Everything from the line containing "Product6 : Product" to the end of the listing is to be set down exactly, both ends included, and nothing before it.

########

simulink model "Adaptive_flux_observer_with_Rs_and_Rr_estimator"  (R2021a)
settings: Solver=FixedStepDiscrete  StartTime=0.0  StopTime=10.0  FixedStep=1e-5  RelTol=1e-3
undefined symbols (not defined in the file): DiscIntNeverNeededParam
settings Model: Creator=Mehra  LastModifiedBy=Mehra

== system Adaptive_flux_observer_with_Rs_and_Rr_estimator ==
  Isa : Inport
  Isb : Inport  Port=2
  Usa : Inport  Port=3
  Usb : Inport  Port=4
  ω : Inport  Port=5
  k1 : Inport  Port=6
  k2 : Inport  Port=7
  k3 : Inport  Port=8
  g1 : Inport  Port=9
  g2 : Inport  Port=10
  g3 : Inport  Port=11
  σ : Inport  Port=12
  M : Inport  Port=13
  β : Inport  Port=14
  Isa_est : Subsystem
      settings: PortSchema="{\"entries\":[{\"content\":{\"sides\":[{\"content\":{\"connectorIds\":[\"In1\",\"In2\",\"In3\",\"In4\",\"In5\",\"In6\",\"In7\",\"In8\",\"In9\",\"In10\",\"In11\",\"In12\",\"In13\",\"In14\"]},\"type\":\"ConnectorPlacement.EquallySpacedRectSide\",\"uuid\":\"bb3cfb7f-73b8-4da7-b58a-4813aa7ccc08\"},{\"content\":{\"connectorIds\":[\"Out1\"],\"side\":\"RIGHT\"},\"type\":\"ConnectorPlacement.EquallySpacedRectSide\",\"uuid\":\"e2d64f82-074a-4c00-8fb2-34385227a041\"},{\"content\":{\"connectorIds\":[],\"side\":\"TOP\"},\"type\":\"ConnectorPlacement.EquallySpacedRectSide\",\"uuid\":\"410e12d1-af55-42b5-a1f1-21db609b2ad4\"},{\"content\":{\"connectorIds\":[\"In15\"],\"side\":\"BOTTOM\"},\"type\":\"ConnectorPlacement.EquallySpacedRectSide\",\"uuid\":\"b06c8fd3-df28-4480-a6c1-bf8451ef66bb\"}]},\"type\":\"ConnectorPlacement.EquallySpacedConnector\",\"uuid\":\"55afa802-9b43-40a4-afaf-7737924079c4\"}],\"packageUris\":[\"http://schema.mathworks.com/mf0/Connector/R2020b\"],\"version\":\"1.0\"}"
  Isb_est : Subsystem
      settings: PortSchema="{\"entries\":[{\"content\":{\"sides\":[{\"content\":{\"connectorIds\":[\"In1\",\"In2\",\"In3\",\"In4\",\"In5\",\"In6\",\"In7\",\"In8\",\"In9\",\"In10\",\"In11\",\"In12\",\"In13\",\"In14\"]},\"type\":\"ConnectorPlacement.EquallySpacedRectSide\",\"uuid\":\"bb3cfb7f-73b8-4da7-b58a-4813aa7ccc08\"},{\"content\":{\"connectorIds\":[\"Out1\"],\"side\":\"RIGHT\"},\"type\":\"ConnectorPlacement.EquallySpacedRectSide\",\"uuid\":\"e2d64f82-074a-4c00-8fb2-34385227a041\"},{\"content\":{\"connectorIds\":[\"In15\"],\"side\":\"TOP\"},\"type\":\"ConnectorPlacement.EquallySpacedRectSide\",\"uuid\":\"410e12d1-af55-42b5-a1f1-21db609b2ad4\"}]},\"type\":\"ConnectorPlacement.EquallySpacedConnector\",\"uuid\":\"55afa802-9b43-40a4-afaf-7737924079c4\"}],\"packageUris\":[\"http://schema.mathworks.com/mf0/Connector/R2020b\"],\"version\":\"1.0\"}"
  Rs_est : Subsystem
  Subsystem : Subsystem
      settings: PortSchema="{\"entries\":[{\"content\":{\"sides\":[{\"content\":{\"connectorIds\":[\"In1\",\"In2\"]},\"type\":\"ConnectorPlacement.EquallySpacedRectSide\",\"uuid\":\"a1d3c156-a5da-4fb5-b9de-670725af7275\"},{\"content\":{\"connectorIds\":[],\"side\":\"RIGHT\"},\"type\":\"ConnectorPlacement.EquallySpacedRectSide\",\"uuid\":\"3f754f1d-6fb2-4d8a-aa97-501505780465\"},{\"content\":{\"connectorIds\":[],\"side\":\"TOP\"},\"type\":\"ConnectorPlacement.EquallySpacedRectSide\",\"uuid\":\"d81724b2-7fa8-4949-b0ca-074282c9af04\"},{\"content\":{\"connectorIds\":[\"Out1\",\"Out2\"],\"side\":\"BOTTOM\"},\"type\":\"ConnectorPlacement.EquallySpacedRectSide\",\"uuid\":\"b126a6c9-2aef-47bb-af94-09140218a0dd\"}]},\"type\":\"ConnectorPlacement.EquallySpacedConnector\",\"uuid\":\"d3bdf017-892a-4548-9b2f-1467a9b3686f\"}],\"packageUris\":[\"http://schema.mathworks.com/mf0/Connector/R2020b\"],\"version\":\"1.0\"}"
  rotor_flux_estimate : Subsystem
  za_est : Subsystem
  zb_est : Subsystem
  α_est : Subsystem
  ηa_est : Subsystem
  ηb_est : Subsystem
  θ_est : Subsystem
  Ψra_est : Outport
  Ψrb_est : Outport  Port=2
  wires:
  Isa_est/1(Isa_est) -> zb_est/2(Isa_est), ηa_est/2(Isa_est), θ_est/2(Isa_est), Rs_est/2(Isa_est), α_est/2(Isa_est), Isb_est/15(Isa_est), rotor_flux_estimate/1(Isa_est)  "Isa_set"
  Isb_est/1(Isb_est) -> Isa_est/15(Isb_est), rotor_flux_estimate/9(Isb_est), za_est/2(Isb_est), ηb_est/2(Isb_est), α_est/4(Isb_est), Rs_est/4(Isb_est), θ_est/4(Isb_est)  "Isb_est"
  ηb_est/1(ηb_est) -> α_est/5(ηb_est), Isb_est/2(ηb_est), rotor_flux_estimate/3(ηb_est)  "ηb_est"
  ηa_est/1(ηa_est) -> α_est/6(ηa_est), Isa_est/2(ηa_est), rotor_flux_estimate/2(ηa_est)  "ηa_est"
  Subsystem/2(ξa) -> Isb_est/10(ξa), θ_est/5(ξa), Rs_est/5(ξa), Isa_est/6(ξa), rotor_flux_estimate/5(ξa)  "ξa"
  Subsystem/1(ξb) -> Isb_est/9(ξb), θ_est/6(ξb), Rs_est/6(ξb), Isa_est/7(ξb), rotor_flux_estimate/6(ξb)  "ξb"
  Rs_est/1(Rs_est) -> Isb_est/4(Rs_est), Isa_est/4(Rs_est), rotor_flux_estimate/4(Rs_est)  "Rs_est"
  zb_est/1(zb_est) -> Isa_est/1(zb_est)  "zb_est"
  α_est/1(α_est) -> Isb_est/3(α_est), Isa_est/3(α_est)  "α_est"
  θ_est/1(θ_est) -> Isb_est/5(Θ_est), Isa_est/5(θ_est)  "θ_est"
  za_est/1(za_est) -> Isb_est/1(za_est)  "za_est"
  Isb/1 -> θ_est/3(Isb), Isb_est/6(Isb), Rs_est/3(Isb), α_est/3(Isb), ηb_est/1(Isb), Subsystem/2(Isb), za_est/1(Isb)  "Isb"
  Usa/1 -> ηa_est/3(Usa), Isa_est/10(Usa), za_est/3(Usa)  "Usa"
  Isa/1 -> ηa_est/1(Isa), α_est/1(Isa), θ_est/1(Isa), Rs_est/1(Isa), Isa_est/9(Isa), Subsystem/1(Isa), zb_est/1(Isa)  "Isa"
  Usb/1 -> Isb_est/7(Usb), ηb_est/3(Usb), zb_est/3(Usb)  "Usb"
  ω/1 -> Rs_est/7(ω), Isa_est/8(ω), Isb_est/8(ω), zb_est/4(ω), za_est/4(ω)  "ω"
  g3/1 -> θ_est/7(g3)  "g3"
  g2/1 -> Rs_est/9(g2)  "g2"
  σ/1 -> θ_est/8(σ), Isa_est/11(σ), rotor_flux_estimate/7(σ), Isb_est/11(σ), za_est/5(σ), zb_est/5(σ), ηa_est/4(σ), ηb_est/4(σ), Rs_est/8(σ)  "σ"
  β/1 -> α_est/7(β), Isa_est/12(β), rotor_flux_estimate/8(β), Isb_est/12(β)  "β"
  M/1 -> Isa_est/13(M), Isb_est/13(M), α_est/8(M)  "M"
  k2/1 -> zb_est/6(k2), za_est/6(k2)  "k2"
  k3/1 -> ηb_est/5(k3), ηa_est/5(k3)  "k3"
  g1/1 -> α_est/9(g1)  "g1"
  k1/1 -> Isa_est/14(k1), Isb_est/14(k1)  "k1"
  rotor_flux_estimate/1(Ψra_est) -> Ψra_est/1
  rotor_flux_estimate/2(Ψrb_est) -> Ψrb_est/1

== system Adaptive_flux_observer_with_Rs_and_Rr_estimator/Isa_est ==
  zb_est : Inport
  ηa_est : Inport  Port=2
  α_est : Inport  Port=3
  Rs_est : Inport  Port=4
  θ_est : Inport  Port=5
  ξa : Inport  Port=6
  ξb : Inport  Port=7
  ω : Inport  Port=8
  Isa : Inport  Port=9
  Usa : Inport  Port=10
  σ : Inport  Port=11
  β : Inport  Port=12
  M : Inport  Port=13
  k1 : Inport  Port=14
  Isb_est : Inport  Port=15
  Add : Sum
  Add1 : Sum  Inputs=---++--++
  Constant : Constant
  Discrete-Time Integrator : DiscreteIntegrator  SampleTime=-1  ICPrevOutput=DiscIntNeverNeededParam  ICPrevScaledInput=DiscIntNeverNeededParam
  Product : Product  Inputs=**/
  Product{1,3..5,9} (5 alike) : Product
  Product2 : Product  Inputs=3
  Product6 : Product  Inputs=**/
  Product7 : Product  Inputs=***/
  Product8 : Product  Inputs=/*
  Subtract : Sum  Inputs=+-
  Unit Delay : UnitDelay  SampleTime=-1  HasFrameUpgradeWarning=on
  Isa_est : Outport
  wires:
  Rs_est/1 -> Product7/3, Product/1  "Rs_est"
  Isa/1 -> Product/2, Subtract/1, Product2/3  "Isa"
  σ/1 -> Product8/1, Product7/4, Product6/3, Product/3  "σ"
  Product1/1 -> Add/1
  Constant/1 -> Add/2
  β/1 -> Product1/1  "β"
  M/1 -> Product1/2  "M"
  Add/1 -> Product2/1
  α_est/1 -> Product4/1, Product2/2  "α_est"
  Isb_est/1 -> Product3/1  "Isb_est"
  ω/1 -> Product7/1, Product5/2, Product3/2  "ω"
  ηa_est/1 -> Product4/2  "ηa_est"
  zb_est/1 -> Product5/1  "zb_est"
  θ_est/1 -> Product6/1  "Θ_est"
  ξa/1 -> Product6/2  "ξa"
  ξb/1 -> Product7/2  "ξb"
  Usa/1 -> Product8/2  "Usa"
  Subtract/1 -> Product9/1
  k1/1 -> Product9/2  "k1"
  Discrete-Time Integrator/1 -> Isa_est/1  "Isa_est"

########

Solution below:
  Product6 : Product  Inputs=**/
  Product7 : Product  Inputs=***/
  Product8 : Product  Inputs=/*
  Subtract : Sum  Inputs=+-
  Unit Delay : UnitDelay  SampleTime=-1  HasFrameUpgradeWarning=on
  Isa_est : Outport
  wires:
  Rs_est/1 -> Product7/3, Product/1  "Rs_est"
  Isa/1 -> Product/2, Subtract/1, Product2/3  "Isa"
  σ/1 -> Product8/1, Product7/4, Product6/3, Product/3  "σ"
  Product1/1 -> Add/1
  Constant/1 -> Add/2
  β/1 -> Product1/1  "β"
  M/1 -> Product1/2  "M"
  Add/1 -> Product2/1
  α_est/1 -> Product4/1, Product2/2  "α_est"
  Isb_est/1 -> Product3/1  "Isb_est"
  ω/1 -> Product7/1, Product5/2, Product3/2  "ω"
  ηa_est/1 -> Product4/2  "ηa_est"
  zb_est/1 -> Product5/1  "zb_est"
  θ_est/1 -> Product6/1  "Θ_est"
  ξa/1 -> Product6/2  "ξa"
  ξb/1 -> Product7/2  "ξb"
  Usa/1 -> Product8/2  "Usa"
  Subtract/1 -> Product9/1
  k1/1 -> Product9/2  "k1"
  Discrete-Time Integrator/1 -> Isa_est/1  "Isa_est"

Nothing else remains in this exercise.